*Work to be completed*: Scan the data beneath this task and copy each line that includes "pattern".

*Records shown*:
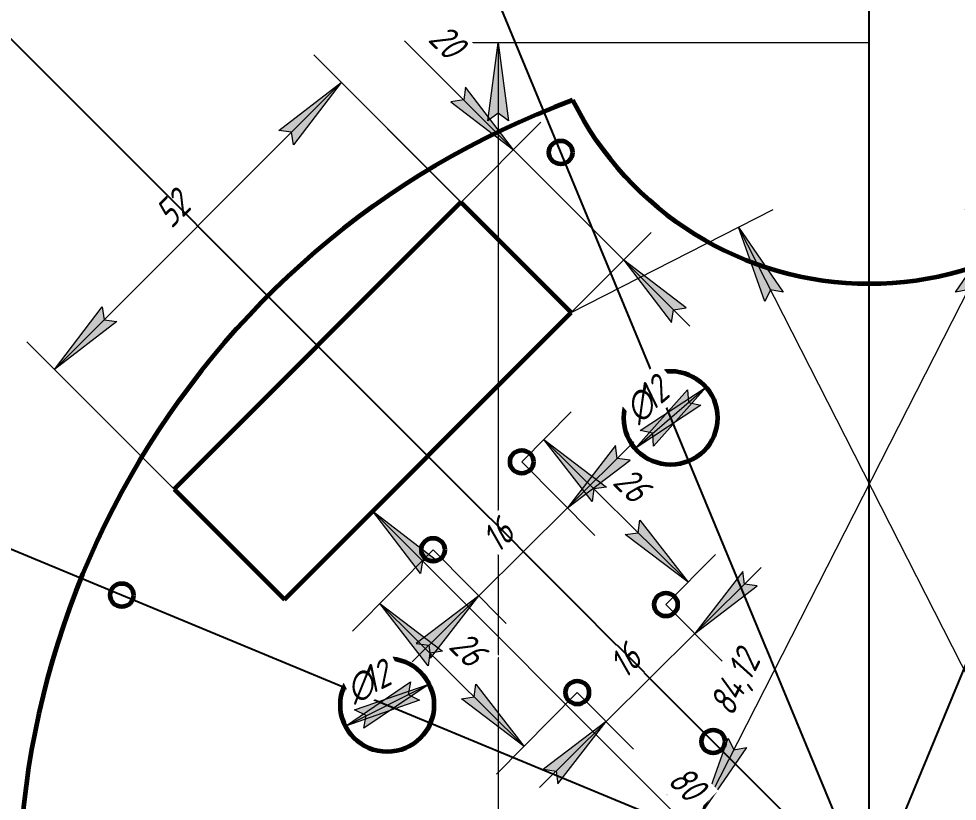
# Model space of a CAD drawing. Header units: millimetres. Extents: x -106 to 621, y -107 to 116.
# Drawn here: x -106 to 14.3, y 15.5 to 115.7 of the extents above; entities that cross this region are included whole.
import ezdxf

# ---------------------------------------------------------------- set-up
doc = ezdxf.new("R2010")
doc.units = ezdxf.units.MM
doc.linetypes.add('K5LT_BASIC', pattern=[0])
doc.linetypes.add('K5LT_THIN', pattern=[0])
doc.styles.add('KDIMTEXTSTYLE', font='GOST_AU.SHX', dxfattribs={"width": 0.96, "oblique": 15, "height": 5})
doc.styles.add('KTEXTSTYLE', font='GOST_AU.SHX', dxfattribs={"width": 0.96, "height": 5})
doc.dimstyles.new('KDIMSTYLE (1.00)', dxfattribs={"dimtxt": 5, "dimasz": 1, "dimexe": 2, "dimexo": 0, "dimgap": 1, "dimtad": 1, "dimtxsty": 'KDIMTEXTSTYLE', "dimsah": 1, "dimcen": 0, "dimdle": 1, "dimadec": 0, "dimazin": 0, "dimtfac": 0.667, "dimtmove": 0, "dimatfit": 3, "dimfxl": 1, "dimtvp": 1, "dimtolj": 1, "dimtzin": 0, "dimarcsym": 0})

# ---------------------------------------------------------------- blocks, each defined once
blk = doc.blocks.new('D0')
for points in [[(-43.25, 102.65), (-44.57, 112.65), (-45.89, 102.65), (-44.57, 103.65)], [(-44.57, 3.15), (-43.25, 13.15), (-44.57, 12.15), (-45.89, 13.15)]]:
    blk.add_hatch(color=7).paths.add_polyline_path(points)
at = {"color": 7, "linetype": 'K5LT_THIN', "lineweight": 18, "true_color": 0xffffff}
for p, q in [((2.97, 112.65), (-49.57, 112.65)), ((-45.89, 102.65), (-44.57, 112.65)), ((-44.57, 112.65), (-43.25, 102.65)), ((-44.57, 112.65), (-44.57, 3.15)), ((-44.57, 103.65), (-45.89, 102.65)), ((-43.25, 102.65), (-44.57, 103.65)), ((-44.57, 3.15), (-45.89, 13.15)), ((-45.89, 13.15), (-44.57, 12.15)), ((-44.57, 12.15), (-43.25, 13.15)), ((-43.25, 13.15), (-44.57, 3.15)), ((2.97, 3.15), (-49.57, 3.15)), ((-44.57, 3.15), (-44.57, -1.85)), ((-44.57, -1.85), (-44.57, -15.74))]:
    blk.add_line(p, q, dxfattribs=at)
blk.add_wipeout([(-45.57, -13.74), (-50.56, -13.74), (-50.56, -4.25), (-45.57, -4.25)])
at = {"color": 7, "insert": (-50.14, -13.74), "char_height": 3.5, "attachment_point": 1, "rotation": 90, "style": 'KTEXTSTYLE'}
blk.add_mtext('\\H3.5;\\W0.965;\\Q15;\\Q15;109,5', dxfattribs=at)
blk = doc.blocks.new('KDIMARROW_01')
blk.add_hatch(color=0).paths.add_polyline_path([(0, 0), (-10, 1.32), (-9, 0), (-10, -1.32)])
at = {"color": 0, "linetype": 'K5LT_THIN', "lineweight": 18}
for p, q in [((-9, 0), (-10, 1.32)), ((-10, 1.32), (0, 0)), ((0, 0), (-10, -1.32)), ((-10, -1.32), (-9, 0)), ((0, 0), (-1, 0))]:
    blk.add_line(p, q, dxfattribs=at)
blk = doc.blocks.new('D4')
for points in [[(60.46, 44.66), (66.6, 52.66), (58.59, 46.52), (60.23, 46.29)], [(10.03, -3.91), (18.03, 2.23), (16.39, 2.45), (16.17, 4.09)]]:
    blk.add_hatch(color=7).paths.add_polyline_path(points)
at = {"color": 7, "linetype": 'K5LT_THIN', "lineweight": 18, "true_color": 0xffffff}
for p, q in [((59.54, 59.72), (70.13, 49.12)), ((58.59, 46.52), (66.6, 52.66)), ((66.6, 52.66), (60.46, 44.66)), ((60.23, 46.29), (58.59, 46.52)), ((60.46, 44.66), (60.23, 46.29)), ((10.03, -3.91), (16.17, 4.09)), ((16.17, 4.09), (16.39, 2.45)), ((2.97, 3.15), (13.56, -7.45)), ((16.39, 2.45), (18.03, 2.23)), ((18.03, 2.23), (10.03, -3.91))]:
    blk.add_line(p, q, dxfattribs=at)
blk.add_wipeout([(25.68, 13.16), (22.15, 16.69), (26.03, 20.57), (29.57, 17.04)])
blk.add_line((66.6, 52.66), (10.03, -3.91), dxfattribs=at)
at = {"color": 7, "insert": (22.45, 16.39), "char_height": 3.5, "attachment_point": 1, "rotation": 45.0009, "style": 'KTEXTSTYLE'}
blk.add_mtext('\\H3.5;\\W0.965;\\Q15;\\Q15;80', dxfattribs=at)
blk = doc.blocks.new('D5')
for points in [[(16.35, 79.51), (19.72, 89.02), (14.01, 80.71), (15.63, 81)], [(-18.47, 14.07), (-12.75, 22.38), (-14.38, 22.09), (-15.1, 23.57)]]:
    blk.add_hatch(color=7).paths.add_polyline_path(points)
at = {"color": 7, "linetype": 'K5LT_THIN', "lineweight": 18, "true_color": 0xffffff}
for p, q in [((41.15, 78.1), (15.26, 91.29)), ((14.01, 80.71), (19.72, 89.02)), ((19.72, 89.02), (16.35, 79.51)), ((15.63, 81), (14.01, 80.71)), ((16.35, 79.51), (15.63, 81)), ((-18.47, 14.07), (-15.1, 23.57)), ((-15.1, 23.57), (-14.38, 22.09)), ((-12.75, 22.38), (-18.47, 14.07)), ((-14.38, 22.09), (-12.75, 22.38)), ((2.97, 3.15), (-22.92, 16.34))]:
    blk.add_line(p, q, dxfattribs=at)
blk.add_wipeout([(-13.66, 25.71), (-18.11, 27.98), (-13.68, 36.67), (-9.23, 34.41)])
blk.add_line((19.72, 89.02), (-18.47, 14.07), dxfattribs=at)
at = {"color": 7, "insert": (-17.73, 27.79), "char_height": 3.5, "attachment_point": 1, "rotation": 63.0051, "style": 'KTEXTSTYLE'}
blk.add_mtext('\\H3.5;\\W0.965;\\Q15;\\Q15;84,12', dxfattribs=at)
blk = doc.blocks.new('D10')
for points in [[(-70.84, 99.58), (-64.7, 107.58), (-72.7, 101.44), (-71.06, 101.22)], [(-101.47, 70.81), (-93.47, 76.95), (-95.1, 77.18), (-95.33, 78.82)]]:
    blk.add_hatch(color=7).paths.add_polyline_path(points)
at = {"color": 7, "linetype": 'K5LT_THIN', "lineweight": 18, "true_color": 0xffffff}
for p, q in [((-49.36, 92.24), (-68.23, 111.12)), ((-72.7, 101.44), (-64.7, 107.58)), ((-64.7, 107.58), (-70.84, 99.58)), ((-71.06, 101.22), (-72.7, 101.44)), ((-70.84, 99.58), (-71.06, 101.22)), ((-101.47, 70.81), (-95.33, 78.82)), ((-95.33, 78.82), (-95.1, 77.18)), ((-95.1, 77.18), (-93.47, 76.95)), ((-93.47, 76.95), (-101.47, 70.81)), ((-86.13, 55.47), (-105, 74.35))]:
    blk.add_line(p, q, dxfattribs=at)
blk.add_wipeout([(-85.71, 87.98), (-89.25, 91.51), (-85.55, 95.21), (-82.02, 91.68)])
blk.add_line((-64.7, 107.58), (-101.47, 70.81), dxfattribs=at)
at = {"color": 7, "insert": (-88.95, 91.22), "char_height": 3.5, "attachment_point": 1, "rotation": 45.0016, "style": 'KTEXTSTYLE'}
blk.add_mtext('\\H3.5;\\W0.965;\\Q15;\\Q15;52', dxfattribs=at)
blk = doc.blocks.new('D16')
at = {"color": 7, "linetype": 'K5LT_THIN', "lineweight": 18, "true_color": 0xffffff}
blk.add_line((-61.79, 24.84), (-61.49, 26.46), dxfattribs=at)
blk.add_wipeout([(-62.72, 27.36), (-65, 31.9), (-58.67, 35.09), (-56.38, 30.55)])
for points in [[(-64.17, 25.11), (-54.65, 28.44), (-56.13, 29.16), (-55.83, 30.79)], [(-61.79, 24.84), (-53.45, 30.51), (-62.98, 27.19), (-61.49, 26.46)]]:
    blk.add_hatch(color=7).paths.add_polyline_path(points)
for p, q in [((-64.17, 25.11), (-55.83, 30.79)), ((-64.17, 25.11), (-53.45, 30.51)), ((-62.98, 27.19), (-53.45, 30.51)), ((-53.45, 30.51), (-61.79, 24.84)), ((-55.83, 30.79), (-56.13, 29.16)), ((-56.13, 29.16), (-54.65, 28.44)), ((-54.65, 28.44), (-64.17, 25.11)), ((-61.49, 26.46), (-62.98, 27.19))]:
    blk.add_line(p, q, dxfattribs=at)
at = {"color": 7, "char_height": 3.5, "attachment_point": 1, "rotation": 26.7385, "style": 'KTEXTSTYLE'}
for s, insert in [('\\H3.5;\\W0.965;\\Q15;\\Q15;12', (-62.48, 32.23)), ('\\H3.5;\\W0.965;\\Q15;\\Q15;∅', (-64.63, 31.15))]:
    blk.add_mtext(s, dxfattribs=dict(at, insert=insert))
blk = doc.blocks.new('D17')
blk.add_wipeout([(-26.16, 63.21), (-29.48, 67.06), (-24.11, 71.69), (-20.79, 67.84)])
for points in [[(-27.03, 60.68), (-18.6, 66.22), (-20.21, 66.56), (-20.31, 68.21)], [(-24.66, 60.99), (-17.94, 68.52), (-26.38, 62.99), (-24.76, 62.64)]]:
    blk.add_hatch(color=7).paths.add_polyline_path(points)
at = {"color": 7, "linetype": 'K5LT_THIN', "lineweight": 18, "true_color": 0xffffff}
for p, q in [((-27.03, 60.68), (-17.94, 68.52)), ((-27.03, 60.68), (-20.31, 68.21)), ((-26.38, 62.99), (-17.94, 68.52)), ((-17.94, 68.52), (-24.66, 60.99)), ((-20.31, 68.21), (-20.21, 66.56)), ((-18.6, 66.22), (-27.03, 60.68)), ((-20.21, 66.56), (-18.6, 66.22)), ((-24.76, 62.64), (-26.38, 62.99)), ((-24.66, 60.99), (-24.76, 62.64))]:
    blk.add_line(p, q, dxfattribs=at)
at = {"color": 7, "char_height": 3.5, "attachment_point": 1, "rotation": 40.7505, "style": 'KTEXTSTYLE'}
for s, insert in [('\\H3.5;\\W0.965;\\Q15;\\Q15;12', (-27.11, 68)), ('\\H3.5;\\W0.965;\\Q15;\\Q15;∅', (-28.93, 66.43))]:
    blk.add_mtext(s, dxfattribs=dict(at, insert=insert))
blk = doc.blocks.new('D51')
for points in [[(-42.64, 98.96), (-48.78, 106.97), (-49, 105.33), (-50.64, 105.1)], [(-20.49, 78.68), (-28.49, 84.82), (-22.35, 76.82), (-22.13, 78.46)]]:
    blk.add_hatch(color=7).paths.add_polyline_path(points)
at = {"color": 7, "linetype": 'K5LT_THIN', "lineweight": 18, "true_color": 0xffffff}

*Task solution*:
doc.linetypes.add('K5LT_BASIC', pattern=[0])
doc.linetypes.add('K5LT_THIN', pattern=[0])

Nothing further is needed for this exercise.